Corfu's choices were appropriately iconoclastic. Though he picked an easy victory for Pitt in the first two rounds, Corfu called tight games putting Michigan State over UCLA, Belmont over Wisconsin and later Gonzaga over Brigham Young. But it was lucky number 13 that held the cat's attention, sending Belmont to the Final Four over Michigan. This might be an ironic statement, but with Corfu we can never really tell.

Southwest Regional: Patch the Pig roots for Kansas

To complete our interspecies face-off we headed to the Houston Livestock Show & Rodeo, where Samantha Taylor Stephens of Marion, Tex., let us recruit her pig Patch for our efforts. Despite a life in rodeo show business, Patch was sweet and down to earth, never putting on diva airs and often consulting with pigs in neighboring pens before making a final decision.

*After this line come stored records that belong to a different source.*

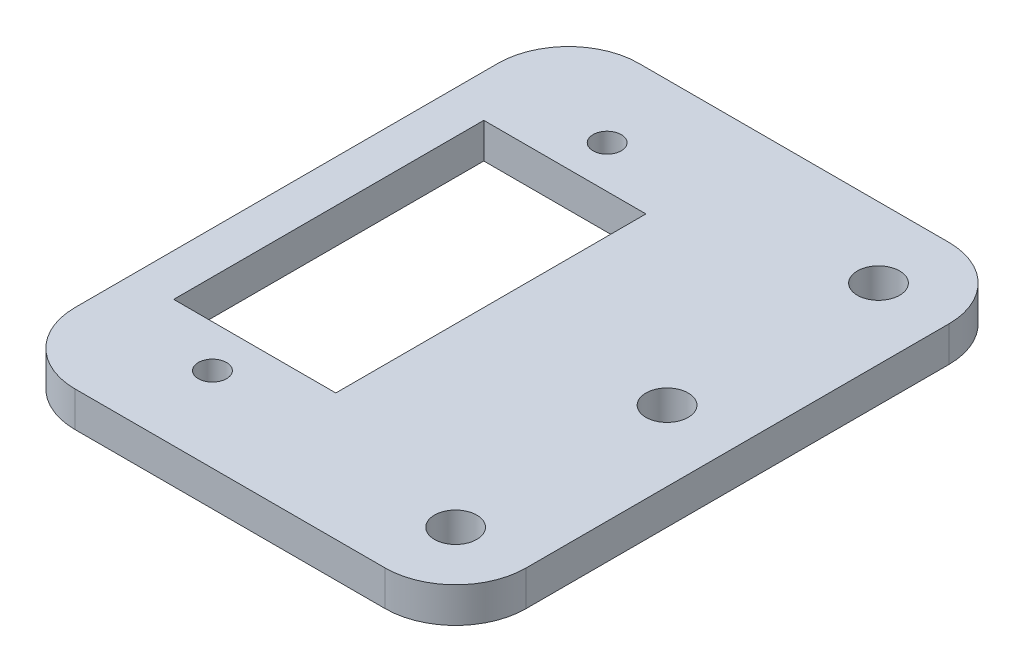
from build123d import *

# Parameters (mm, degrees)
SKETCH1_W           = 32
SKETCH1_H           = 40
SKETCH1_R           = 1.5
SKETCH1_R_2         = 1
SKETCH1_W_2         = 11.5
SKETCH1_H_2         = 22
BOSS_EXTRUDE1_DEPTH = 2.5
FILLET1_R           = 5


with BuildPart() as part:
    # Sketch1 → Boss-Extrude1 (new body)
    with BuildSketch(Plane(origin=(0, 0, 0), x_dir=(1, 0, 0), z_dir=(0, 1, 0))):
        Rectangle(SKETCH1_W, SKETCH1_H)
        with Locations(Location((11, 15, 0), (0, 0, 270))):
            Circle(SKETCH1_R, mode=Mode.SUBTRACT)
        with Locations(Location((11, 0, 0), (0, 0, 270))):
            Circle(SKETCH1_R, mode=Mode.SUBTRACT)
        with Locations(Location((11, -15, 0), (0, 0, 270))):
            Circle(SKETCH1_R, mode=Mode.SUBTRACT)
        with Locations(Location((-7.25, -14, 0), (0, 0, 270))):
            Circle(SKETCH1_R_2, mode=Mode.SUBTRACT)
        with Locations(Location((-7.25, 14, 0), (0, 0, 90))):
            Circle(SKETCH1_R_2, mode=Mode.SUBTRACT)
        with Locations((-7.25, 0)):
            Rectangle(SKETCH1_W_2, SKETCH1_H_2, mode=Mode.SUBTRACT)
    extrude(amount=BOSS_EXTRUDE1_DEPTH)

    # Fillet1
    fillet1_edges = [part.edges().sort_by_distance(p)[0] for p in [
        (-16, 1.25, -20),
        (16, 1.25, -20),
        (16, 1.25, 20),
        (-16, 1.25, 20),
    ]]
    fillet(fillet1_edges, radius=FILLET1_R)


solid = part.part

However when choosing between teams, apparently his macrobiotic diet required him to go for the paper rather than the treat sitting on top of it. Live a little, Patch. Treat yourself.

It looks like Patch's philosophy was a solid one, since he was the only psychic animal to pick a number one seed — Kansas — for the Final Four. Patch predicts a Cinderella run by either USC or VCU* with the team advancing to the elite eight. Other calls? A tough opening game for Notre Dame before losing in the sweet 16, and first round upsets by Richmond, Morehead, and Florida State (sorry, A&M fans).

Which species will be the bracket champion? Can our psychic animals make it to the big time? Only time will tell. Who are you rooting for?

*We assumed animals knew which play-in teams they were picking to even out the competition between regions.